(Records drawn from a dataset)
········

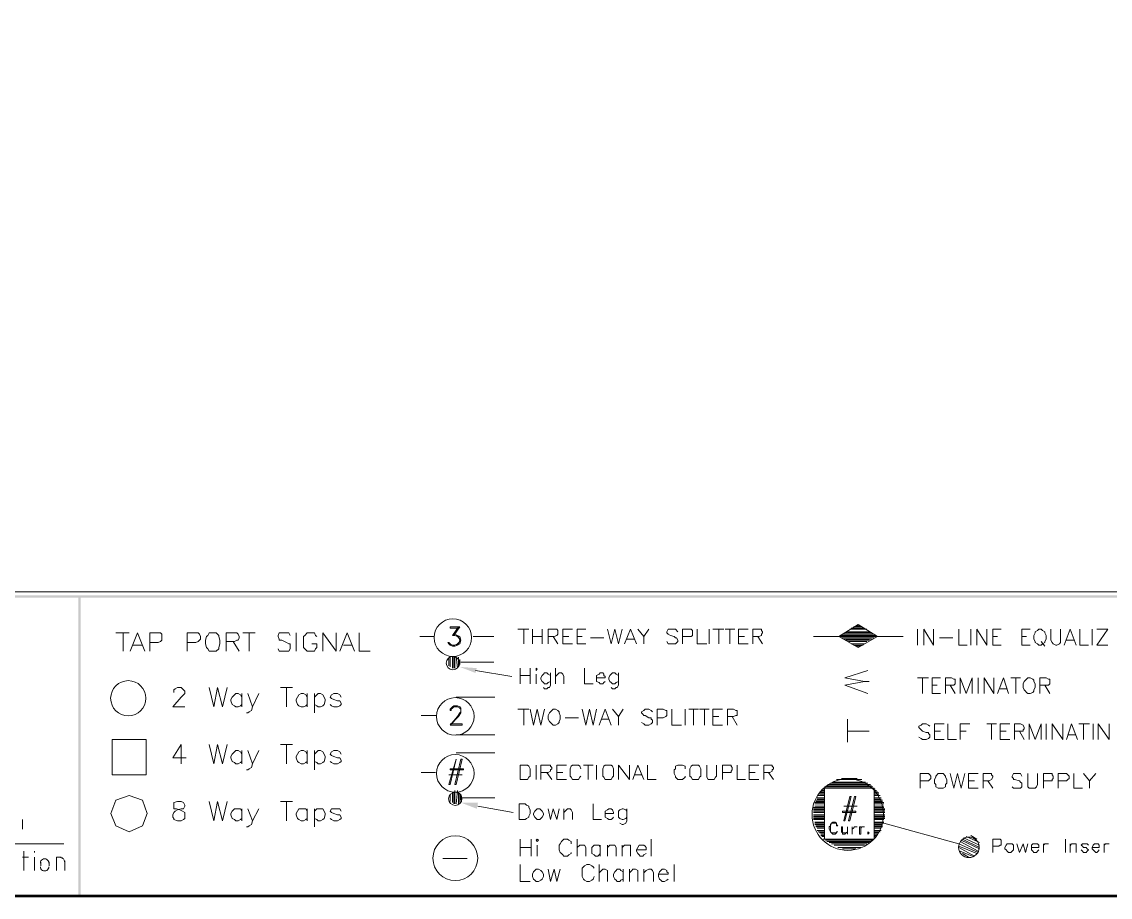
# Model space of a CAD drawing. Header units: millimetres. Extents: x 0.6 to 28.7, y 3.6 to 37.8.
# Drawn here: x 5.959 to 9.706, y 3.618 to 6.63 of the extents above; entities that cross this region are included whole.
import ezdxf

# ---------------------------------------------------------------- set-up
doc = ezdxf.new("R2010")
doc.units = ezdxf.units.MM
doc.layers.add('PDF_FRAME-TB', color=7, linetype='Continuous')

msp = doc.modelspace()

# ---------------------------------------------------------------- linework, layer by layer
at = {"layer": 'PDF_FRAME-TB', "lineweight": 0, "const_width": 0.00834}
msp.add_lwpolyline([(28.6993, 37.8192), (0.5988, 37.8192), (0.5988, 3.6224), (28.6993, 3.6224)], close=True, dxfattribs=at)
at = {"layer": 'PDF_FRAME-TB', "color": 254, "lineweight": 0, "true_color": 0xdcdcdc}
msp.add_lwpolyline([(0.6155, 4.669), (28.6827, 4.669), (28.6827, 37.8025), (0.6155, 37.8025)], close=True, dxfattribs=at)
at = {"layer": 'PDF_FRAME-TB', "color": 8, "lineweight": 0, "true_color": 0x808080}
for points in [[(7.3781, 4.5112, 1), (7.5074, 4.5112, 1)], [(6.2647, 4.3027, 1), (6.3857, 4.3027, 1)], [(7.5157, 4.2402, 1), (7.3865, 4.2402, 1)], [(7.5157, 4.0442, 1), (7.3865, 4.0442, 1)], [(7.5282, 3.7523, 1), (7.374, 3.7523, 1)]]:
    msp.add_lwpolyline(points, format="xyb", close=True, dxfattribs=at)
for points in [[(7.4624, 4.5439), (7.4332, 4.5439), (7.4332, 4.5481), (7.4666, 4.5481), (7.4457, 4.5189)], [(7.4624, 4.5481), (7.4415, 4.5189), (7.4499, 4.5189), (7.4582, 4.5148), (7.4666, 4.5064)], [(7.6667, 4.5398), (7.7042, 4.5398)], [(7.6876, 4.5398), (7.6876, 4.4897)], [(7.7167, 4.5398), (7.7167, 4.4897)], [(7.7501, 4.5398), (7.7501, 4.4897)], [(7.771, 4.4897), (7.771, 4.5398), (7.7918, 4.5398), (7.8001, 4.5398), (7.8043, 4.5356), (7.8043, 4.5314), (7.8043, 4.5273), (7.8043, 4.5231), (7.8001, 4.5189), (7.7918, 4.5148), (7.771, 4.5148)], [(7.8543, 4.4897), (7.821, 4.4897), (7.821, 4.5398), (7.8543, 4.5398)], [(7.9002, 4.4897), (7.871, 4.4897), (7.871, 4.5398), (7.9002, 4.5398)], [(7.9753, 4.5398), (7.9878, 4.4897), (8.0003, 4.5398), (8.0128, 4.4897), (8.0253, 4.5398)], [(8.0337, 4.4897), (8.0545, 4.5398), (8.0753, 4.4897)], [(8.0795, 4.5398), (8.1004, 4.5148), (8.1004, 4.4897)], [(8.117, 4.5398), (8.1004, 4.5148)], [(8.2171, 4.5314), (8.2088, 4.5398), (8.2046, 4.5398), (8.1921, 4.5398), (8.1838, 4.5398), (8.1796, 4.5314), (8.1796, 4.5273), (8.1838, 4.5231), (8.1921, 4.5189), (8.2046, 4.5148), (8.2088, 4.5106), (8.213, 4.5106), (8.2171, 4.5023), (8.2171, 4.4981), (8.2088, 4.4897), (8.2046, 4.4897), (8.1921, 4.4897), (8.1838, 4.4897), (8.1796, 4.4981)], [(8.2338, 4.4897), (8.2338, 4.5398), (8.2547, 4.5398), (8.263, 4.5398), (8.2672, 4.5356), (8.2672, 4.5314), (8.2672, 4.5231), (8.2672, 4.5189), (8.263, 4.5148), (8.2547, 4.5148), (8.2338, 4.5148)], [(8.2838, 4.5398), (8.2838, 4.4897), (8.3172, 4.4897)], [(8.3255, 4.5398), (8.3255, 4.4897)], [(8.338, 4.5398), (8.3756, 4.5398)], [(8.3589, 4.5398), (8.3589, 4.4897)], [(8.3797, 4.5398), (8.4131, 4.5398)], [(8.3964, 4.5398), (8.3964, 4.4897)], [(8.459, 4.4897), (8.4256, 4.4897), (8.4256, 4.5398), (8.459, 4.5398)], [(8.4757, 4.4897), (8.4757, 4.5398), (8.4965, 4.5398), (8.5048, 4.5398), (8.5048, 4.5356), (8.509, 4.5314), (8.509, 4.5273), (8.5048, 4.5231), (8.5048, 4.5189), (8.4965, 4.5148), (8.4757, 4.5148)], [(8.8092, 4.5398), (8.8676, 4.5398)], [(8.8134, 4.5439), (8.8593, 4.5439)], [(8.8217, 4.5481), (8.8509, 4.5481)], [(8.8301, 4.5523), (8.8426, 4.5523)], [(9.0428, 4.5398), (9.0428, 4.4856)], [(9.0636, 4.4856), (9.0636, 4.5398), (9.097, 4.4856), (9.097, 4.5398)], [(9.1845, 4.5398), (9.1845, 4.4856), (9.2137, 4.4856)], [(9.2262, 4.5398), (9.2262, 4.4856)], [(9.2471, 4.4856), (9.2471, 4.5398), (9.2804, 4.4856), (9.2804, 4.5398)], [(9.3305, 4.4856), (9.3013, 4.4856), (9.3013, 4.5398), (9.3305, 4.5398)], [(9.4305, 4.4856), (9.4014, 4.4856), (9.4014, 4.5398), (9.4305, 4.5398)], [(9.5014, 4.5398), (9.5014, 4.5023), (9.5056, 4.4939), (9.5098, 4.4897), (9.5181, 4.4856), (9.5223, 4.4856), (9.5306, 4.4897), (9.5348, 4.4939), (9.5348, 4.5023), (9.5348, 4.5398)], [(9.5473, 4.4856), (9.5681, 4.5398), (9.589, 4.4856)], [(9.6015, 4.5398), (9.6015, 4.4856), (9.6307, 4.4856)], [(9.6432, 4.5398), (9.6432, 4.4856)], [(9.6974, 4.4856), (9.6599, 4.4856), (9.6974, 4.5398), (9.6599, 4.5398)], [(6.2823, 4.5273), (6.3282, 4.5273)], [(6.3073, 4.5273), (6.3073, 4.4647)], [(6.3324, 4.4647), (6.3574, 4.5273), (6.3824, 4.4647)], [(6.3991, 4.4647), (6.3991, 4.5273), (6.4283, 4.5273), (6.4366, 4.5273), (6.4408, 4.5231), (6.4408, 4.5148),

········

WHAT YOU SHOULD DO: Return all the records exactly. Skip the pictures.

WRITTEN ANSWER:
# Model space of a CAD drawing. Header units: millimetres. Extents: x 0.6 to 28.7, y 3.6 to 37.8.
# Drawn here: x 5.959 to 9.706, y 3.618 to 6.63 of the extents above; entities that cross this region are included whole.
import ezdxf

# ---------------------------------------------------------------- set-up
doc = ezdxf.new("R2010")
doc.units = ezdxf.units.MM
doc.layers.add('PDF_FRAME-TB', color=7, linetype='Continuous')

msp = doc.modelspace()

# ---------------------------------------------------------------- linework, layer by layer
at = {"layer": 'PDF_FRAME-TB', "lineweight": 0, "const_width": 0.00834}
msp.add_lwpolyline([(28.6993, 37.8192), (0.5988, 37.8192), (0.5988, 3.6224), (28.6993, 3.6224)], close=True, dxfattribs=at)
at = {"layer": 'PDF_FRAME-TB', "color": 254, "lineweight": 0, "true_color": 0xdcdcdc}
msp.add_lwpolyline([(0.6155, 4.669), (28.6827, 4.669), (28.6827, 37.8025), (0.6155, 37.8025)], close=True, dxfattribs=at)
at = {"layer": 'PDF_FRAME-TB', "color": 8, "lineweight": 0, "true_color": 0x808080}
for points in [[(7.3781, 4.5112, 1), (7.5074, 4.5112, 1)], [(6.2647, 4.3027, 1), (6.3857, 4.3027, 1)], [(7.5157, 4.2402, 1), (7.3865, 4.2402, 1)], [(7.5157, 4.0442, 1), (7.3865, 4.0442, 1)], [(7.5282, 3.7523, 1), (7.374, 3.7523, 1)]]:
    msp.add_lwpolyline(points, format="xyb", close=True, dxfattribs=at)
for points in [[(7.4624, 4.5439), (7.4332, 4.5439), (7.4332, 4.5481), (7.4666, 4.5481), (7.4457, 4.5189)], [(7.4624, 4.5481), (7.4415, 4.5189), (7.4499, 4.5189), (7.4582, 4.5148), (7.4666, 4.5064)], [(7.6667, 4.5398), (7.7042, 4.5398)], [(7.6876, 4.5398), (7.6876, 4.4897)], [(7.7167, 4.5398), (7.7167, 4.4897)], [(7.7501, 4.5398), (7.7501, 4.4897)], [(7.771, 4.4897), (7.771, 4.5398), (7.7918, 4.5398), (7.8001, 4.5398), (7.8043, 4.5356), (7.8043, 4.5314), (7.8043, 4.5273), (7.8043, 4.5231), (7.8001, 4.5189), (7.7918, 4.5148), (7.771, 4.5148)], [(7.8543, 4.4897), (7.821, 4.4897), (7.821, 4.5398), (7.8543, 4.5398)], [(7.9002, 4.4897), (7.871, 4.4897), (7.871, 4.5398), (7.9002, 4.5398)], [(7.9753, 4.5398), (7.9878, 4.4897), (8.0003, 4.5398), (8.0128, 4.4897), (8.0253, 4.5398)], [(8.0337, 4.4897), (8.0545, 4.5398), (8.0753, 4.4897)], [(8.0795, 4.5398), (8.1004, 4.5148), (8.1004, 4.4897)], [(8.117, 4.5398), (8.1004, 4.5148)], [(8.2171, 4.5314), (8.2088, 4.5398), (8.2046, 4.5398), (8.1921, 4.5398), (8.1838, 4.5398), (8.1796, 4.5314), (8.1796, 4.5273), (8.1838, 4.5231), (8.1921, 4.5189), (8.2046, 4.5148), (8.2088, 4.5106), (8.213, 4.5106), (8.2171, 4.5023), (8.2171, 4.4981), (8.2088, 4.4897), (8.2046, 4.4897), (8.1921, 4.4897), (8.1838, 4.4897), (8.1796, 4.4981)], [(8.2338, 4.4897), (8.2338, 4.5398), (8.2547, 4.5398), (8.263, 4.5398), (8.2672, 4.5356), (8.2672, 4.5314), (8.2672, 4.5231), (8.2672, 4.5189), (8.263, 4.5148), (8.2547, 4.5148), (8.2338, 4.5148)], [(8.2838, 4.5398), (8.2838, 4.4897), (8.3172, 4.4897)], [(8.3255, 4.5398), (8.3255, 4.4897)], [(8.338, 4.5398), (8.3756, 4.5398)], [(8.3589, 4.5398), (8.3589, 4.4897)], [(8.3797, 4.5398), (8.4131, 4.5398)], [(8.3964, 4.5398), (8.3964, 4.4897)], [(8.459, 4.4897), (8.4256, 4.4897), (8.4256, 4.5398), (8.459, 4.5398)], [(8.4757, 4.4897), (8.4757, 4.5398), (8.4965, 4.5398), (8.5048, 4.5398), (8.5048, 4.5356), (8.509, 4.5314), (8.509, 4.5273), (8.5048, 4.5231), (8.5048, 4.5189), (8.4965, 4.5148), (8.4757, 4.5148)], [(8.8092, 4.5398), (8.8676, 4.5398)], [(8.8134, 4.5439), (8.8593, 4.5439)], [(8.8217, 4.5481), (8.8509, 4.5481)], [(8.8301, 4.5523), (8.8426, 4.5523)], [(9.0428, 4.5398), (9.0428, 4.4856)], [(9.0636, 4.4856), (9.0636, 4.5398), (9.097, 4.4856), (9.097, 4.5398)], [(9.1845, 4.5398), (9.1845, 4.4856), (9.2137, 4.4856)], [(9.2262, 4.5398), (9.2262, 4.4856)], [(9.2471, 4.4856), (9.2471, 4.5398), (9.2804, 4.4856), (9.2804, 4.5398)], [(9.3305, 4.4856), (9.3013, 4.4856), (9.3013, 4.5398), (9.3305, 4.5398)], [(9.4305, 4.4856), (9.4014, 4.4856), (9.4014, 4.5398), (9.4305, 4.5398)], [(9.5014, 4.5398), (9.5014, 4.5023), (9.5056, 4.4939), (9.5098, 4.4897), (9.5181, 4.4856), (9.5223, 4.4856), (9.5306, 4.4897), (9.5348, 4.4939), (9.5348, 4.5023), (9.5348, 4.5398)], [(9.5473, 4.4856), (9.5681, 4.5398), (9.589, 4.4856)], [(9.6015, 4.5398), (9.6015, 4.4856), (9.6307, 4.4856)], [(9.6432, 4.5398), (9.6432, 4.4856)], [(9.6974, 4.4856), (9.6599, 4.4856), (9.6974, 4.5398), (9.6599, 4.5398)], [(6.2823, 4.5273), (6.3282, 4.5273)], [(6.3073, 4.5273), (6.3073, 4.4647)], [(6.3324, 4.4647), (6.3574, 4.5273), (6.3824, 4.4647)], [(6.3991, 4.4647), (6.3991, 4.5273), (6.4283, 4.5273), (6.4366, 4.5273), (6.4408, 4.5231), (6.4408, 4.5148),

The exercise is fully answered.